I played rock band on Christmas day at my brothers and thought it was excellent, wondered if there was any difference between that and guitar hero.


----------



## mainsy (May 27, 2008)

i have played both and imho guitar hero world tour is by far the better setup. the guitar in rockband looks good but the buttons are too "clacky" and feels cheap. guitar hero feels and plays a lot better. the drumkit in world tour is far superior and is wireless.

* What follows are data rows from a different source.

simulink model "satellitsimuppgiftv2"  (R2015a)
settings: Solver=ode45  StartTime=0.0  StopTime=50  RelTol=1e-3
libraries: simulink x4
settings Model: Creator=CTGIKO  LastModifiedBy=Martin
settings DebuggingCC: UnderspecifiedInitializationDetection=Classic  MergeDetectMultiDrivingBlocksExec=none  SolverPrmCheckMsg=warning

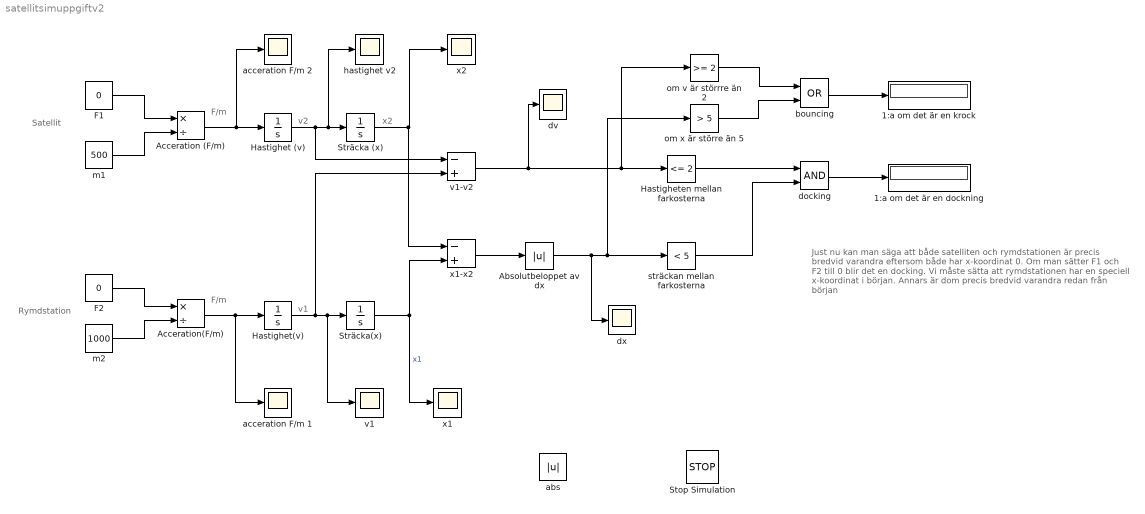
== system satellitsimuppgiftv2 ==
  note: Just nu kan man säga att både satelliten och rymdstationen är precis bredvid varandra eftersom både har x-koordinat 0. Om man sätter F1 och F2 till 0 blir det en docking. Vi måste sätta att rymdstationen har en speciell x-koordinat i början. Annars är dom precis bredvid varandra redan från början
  note: Satellit
  note: Rymdstation
  note: x2
  note: v2
  note: v1
  note: F/m
  note: F/m
  1:a om det är en dockning : Display
  1:a om det är en krock : Display
  Absolutbeloppet av dx : Abs
  Acceration (F/m) : Product  Inputs=*/
  Acceration(F/m) : Product  Inputs=*/
  F1 : Constant  Value=0
  F2 : Constant  Value=0
  Hastighet (v) : Integrator
  "Hastighet(v) " : Integrator
  Hastigheten mellan farkosterna : simulink/Logic and Bit Operations/Compare To Constant  relop=<=  const=2  OutDataTypeStr=boolean
  Stop Simulation : Stop
  Sträcka (x) : Integrator
  Sträcka(x) : Integrator
  abs : Abs
  acceration F/m 1 : Scope
      settings: YMin=-1  YMax=1  SaveName=ScopeData7
  "acceration F/m 2 " : Scope
      settings: YMin=0.6  YMax=1  SaveName=ScopeData5
  bouncing : Logic  Operator=OR  AllPortsSameDT=off  OutDataTypeStr=boolean
  docking : Logic  AllPortsSameDT=off  OutDataTypeStr=boolean
  dv : Scope
      settings: YMin=0  YMax=3  SaveName=ScopeData4
  dx : Scope
      settings: YMin=0  YMax=70  SaveName=ScopeData2
  "hastighet v2 " : Scope
      settings: TimeRange=50  YMin=0  YMax=25  SaveName=ScopeData6
  m1 : Constant  Value=500
  m2 : Constant  Value=1000
  om v är störrre än 2 : simulink/Logic and Bit Operations/Compare To Constant  relop=>=  const=2  OutDataTypeStr=boolean
  om x är större än 5 : simulink/Logic and Bit Operations/Compare To Constant  relop=>  const=5  OutDataTypeStr=boolean
  sträckan mellan farkosterna : simulink/Logic and Bit Operations/Compare To Constant  relop=<  const=5  OutDataTypeStr=boolean
  v1 : Scope
      settings: YMin=0  YMax=9  SaveName=ScopeData3
  v1-v2 : Sum  Inputs=-+
  x1 : Scope
      settings: YMin=-1  YMax=1
  x1-x2 : Sum  RequirementInfo="{}  %GIDa_15f05e76_4de0_4f12_a2c2_6047e8a824a9"  Inputs=-+
  x2 : Scope
      settings: YMin=0  YMax=0.5
  wires:
  F1/1 -> Acceration (F/m)/1
  m1/1 -> Acceration (F/m)/2
  Acceration (F/m)/1 -> "acceration F/m 2 "/1, Hastighet (v)/1
  m2/1 -> Acceration(F/m)/2
  F2/1 -> Acceration(F/m)/1
  Hastighet (v)/1 -> v1-v2/1, "hastighet v2 "/1, Sträcka (x)/1
  "Hastighet(v) "/1 -> v1-v2/2, v1/1, Sträcka(x)/1
  Acceration(F/m)/1 -> acceration F/m 1/1, "Hastighet(v) "/1
  Sträcka (x)/1 -> x1-x2/1, x2/1
  Sträcka(x)/1 -> x1-x2/2, x1/1  "x1"
  sträckan mellan farkosterna/1 -> docking/2
  Hastigheten mellan farkosterna/1 -> docking/1
  om v är störrre än 2/1 -> bouncing/1
  docking/1 -> 1:a om det är en dockning/1
  bouncing/1 -> 1:a om det är en krock/1
  x1-x2/1 -> Absolutbeloppet av dx/1
  v1-v2/1 -> dv/1, om v är störrre än 2/1, Hastigheten mellan farkosterna/1
  Absolutbeloppet av dx/1 -> dx/1, om x är större än 5/1, sträckan mellan farkosterna/1
  om x är större än 5/1 -> bouncing/2

also rockband is a year older, rockband 2 is already out in america.

guitar hero :thumb:


----------



## mattsbmw (Jul 20, 2008)

that has just confirmed what i thought, looks like i will be off out to buy it tomorrow :thumb:

anyone know cheapest place? (WII)


----------



## Gokart (Dec 1, 2008)

i dunno where aerosmith edition came from, Steph bought it me for christmas so no clues where its from im afraid!


----------



## Pandy (Jan 19, 2008)

Not played Rockband as im a GH boy at heart

World Tour is awesome, kit is far superior to that of Rockband - no hesitation mate :thumb:


----------



## BestGear (Mar 25, 2008)

I Just bought Heros for £35 - guitar and game... checkout HMV.....

They had all console versions for that cash.....


----------



## mattsbmw (Jul 20, 2008)

It is the full version i want with drums as well :thumb:


----------



## jkb89 (Nov 7, 2008)

Guitar hero all the way - Give me your game codes if you have it on Wii so I can play online  PM them me if you like.


----------



## JasonRS (Aug 8, 2006)

BestGear said:


> I Just bought Heros for £35 - guitar and game... checkout HMV.....
> 
> They had all console versions for that cash.....


Ditto that, bargain of the week there were loads of people coming out of HMV with them.

I'm just on the look out for cheap versions of the other software now.


----------



## KingEdward (Apr 18, 2008)

GHWT for the kit then buy yourself RB2 solus


----------



## [email protected] (Jan 9, 2006)

got world tour amd d/loaded rockband 2 , not tried it yet though


----------



## sintelliner (Jan 4, 2009)

Bought daughter GH3 Legends of Rock for xmas (wii), had a few mates and wives around over the festive period, totally addictive, funny as hell with a gang of you drunk/ish and singing. 

Day after 2 of the couples (well i say couples / 2 of the blokes) go out and buy World tour, one buys GH (wii) other RB (360), must say its great fun with the drums. Apart from when some idiot breaks one of the sticks .

Daughter cant get on her wii now, cant get the wife of it.


----------



## knoxvillain (Jan 3, 2009)

KingEdward said:


> GHWT for the kit then buy yourself RB2 solus


This is what I did. Wife got me GHWT for Christmas, drum kit is awesome. Bought Rockband 1 game only off ebay as GHWT kit is compatible. Rockband 2 seems to have a few songs on it that GHWT has.


----------



## KingEdward (Apr 18, 2008)

i'm waiting for Boomerang to send me RB1 so i can import the tracks to RB2


----------